The applicant will receive an email notification about the decision. Once you approve or reject the application, the decision is final. You cannot edit it later. If the applicant has added members to their application, the members will get access rights too when the application is approved, if they have accepted the terms of use. Any member not having accepted the terms of use by that time will get access rights after they log in to SD Apply and accept the terms of use.
Note
If the owner of the dataset has removed the dataset that applicant is applying for access, SD Apply will give a warning, but you can still process the application. However, if the dataset has been removed, you cannot approve or reject the application.
Close the application
You can close the application at any stage of the process by selecting Close application. Closing means that the application process is cancelled and that the application cannot be modified or opened again. Write a comment on the comment field to explain why did you close the application.
We recommend closing the application, if it is somehow inappropriate. Deleting applications is not possible because we want to always provide a full history of the application process. You can find closed applications in the "Actions" tab under "Processed applications".

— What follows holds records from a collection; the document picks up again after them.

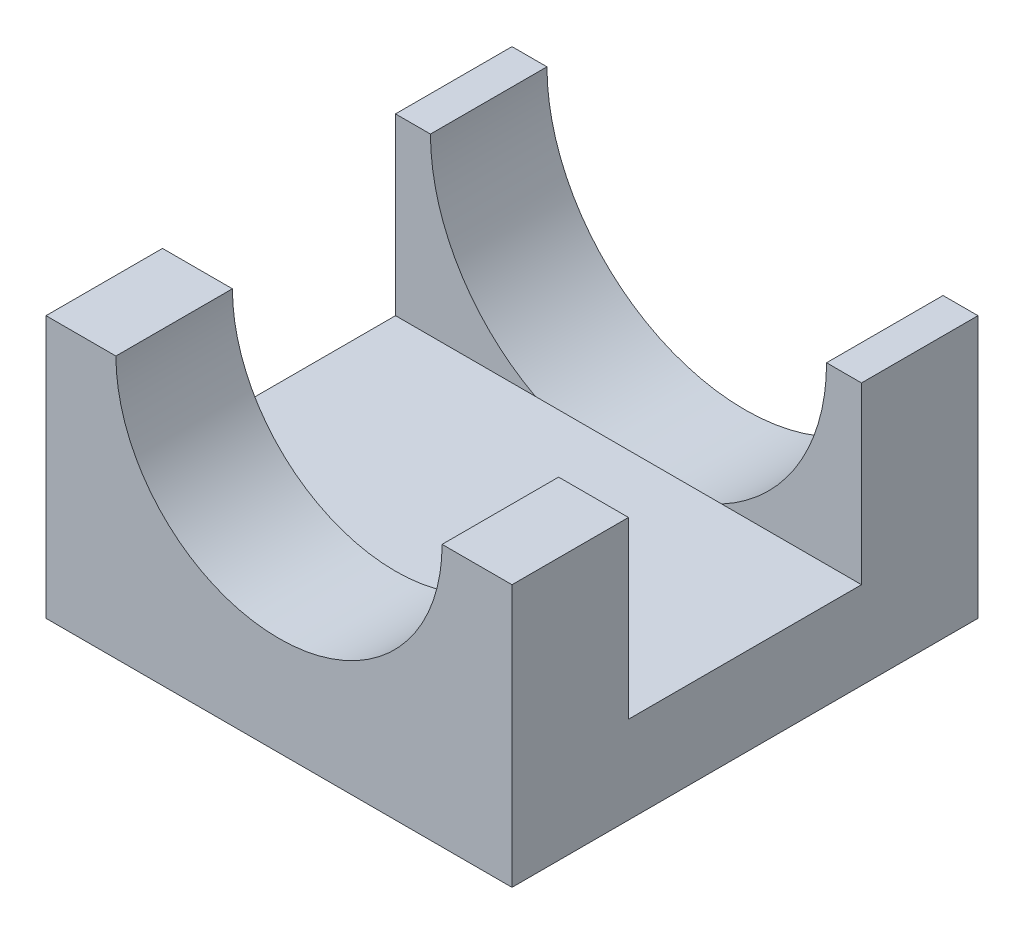
SolidWorks part; units mm, degrees
ref_plane "Front Plane" through (0, 0, 0) normal (0, 0, 1) x (1, 0, 0)
ref_plane "Top Plane" through (0, 0, 0) normal (0, 1, 0) x (1, 0, 0)
ref_plane "Right Plane" through (0, 0, 0) normal (1, 0, 0) x (0, 0, -1)
sketch "Sketch1" plane through (0, 0, 0) normal (0, 0, 1) x (1, 0, 0)
  line L1 (-20, 22.5) -> (20, 22.5)
  line L2 (-20, 22.5) -> (-20, -22.5)
  line L3 (-20, -22.5) -> (20, -22.5)
  line L4 (20, 22.5) -> (20, -22.5)
  line L5 (-20, 22.5) -> (20, -22.5) construction
  line L6 (-20, -22.5) -> (20, 22.5) construction
  point P0 (0, 0)
  dimension "D1" = 40
  dimension "D2" = 45
extrude "Boss-Extrude1" add sketch "Sketch1" along normal blind 40
sketch "Sketch2" plane through (0, 0, 0) normal (0, 0, -1) x (-1, 0, 0)
  circle A0 centre (0, 0) radius 17
  dimension "D1" = 34
extrude "Cut-Extrude1" cut sketch "Sketch2" against normal blind 10
ref_axis "Axis1" through (0, 0, 57.2332) along (0, 0, -1)
sketch "Sketch3" plane through (0, 0, 40) normal (0, 0, 1) x (1, 0, 0)
  circle A0 centre (0, 0) radius 14
  dimension "D1" = 28
extrude "Cut-Extrude2" cut sketch "Sketch3" against normal blind 10
sketch "Sketch4" plane through (0, 0, 40) normal (0, 0, 1) x (1, 0, 0)
  line L0 (-20, 0) -> (20, 0)
  line L1 (-20, 22.5) -> (-20, -22.5) construction
  line L2 (20, -22.5) -> (20, 22.5) construction
  line L3 (20, 22.5) -> (-20, 22.5) construction
  line L4 (20, 0) -> (20, 22.5)
  line L5 (-20, 22.5) -> (-20, 0)
  line L6 (20, 22.5) -> (-20, 22.5)
extrude "Cut-Extrude3" cut sketch "Sketch4" against normal through all
sketch "Sketch5" plane through (0, 0, 0) normal (0, 1, 0) x (1, 0, 0)
  line L0 (-20, 0) -> (-20, -40) construction
  line L1 (-20, -10) -> (20, -10)
  line L2 (-20, -10) -> (-20, -30)
  line L3 (-20, -30) -> (20, -30)
  line L4 (20, -10) -> (20, -30)
  line L5 (20, 0) -> (20, -40) construction
  line L6 (-20, 0) -> (-17, 0) construction
  line L7 (-20, -40) -> (-14, -40) construction
  point P12 (-17, -40)
  dimension "D1" = 10
  dimension "D2" = 10
extrude "Cut-Extrude4" cut sketch "Sketch5" against normal blind 15

Step 4: After processing the application
You are able to manage the access rights of the applicant even after you have processed the application. You can find the processed applications from the "Actions" tab under "Processed applications". "Processed applications" view shows all the applications that have been approved, rejected, closed, or returned to the applicant. Select View to open a specific application.
Close the application
Closing the application cancels the access rights of the applicant and other application members. When the applicant and the application members do not need the access rights anymore, for example because the data permit has expired, you can cancel their access rights by selecting Close application.
Revoke access rights
If the applicant has been granted access rights but they misuse them, you can revoke their rights by selecting Revoke entitlement. Revoking will add the applicant and all the application members to a blacklist. This means that if any of them tries to apply for access rights to the same dataset again, SD Apply will warn the application handlers. The owner of the dataset can edit the blacklist. You can find the blacklist from the "Administration" tab.
Email notifications
You will receive email notifications about the actions of other SD Apply users. There might be more than one data access controller in one organization. Therefore, all the controllers who have been assigned to a certain dataset, receive an email notification when one of them has processed an application.
You can see and edit your email address from the "Settings" tab in the top right corner of the page.
You will also receive notifications when an applicant has submitted or resubmitted an application.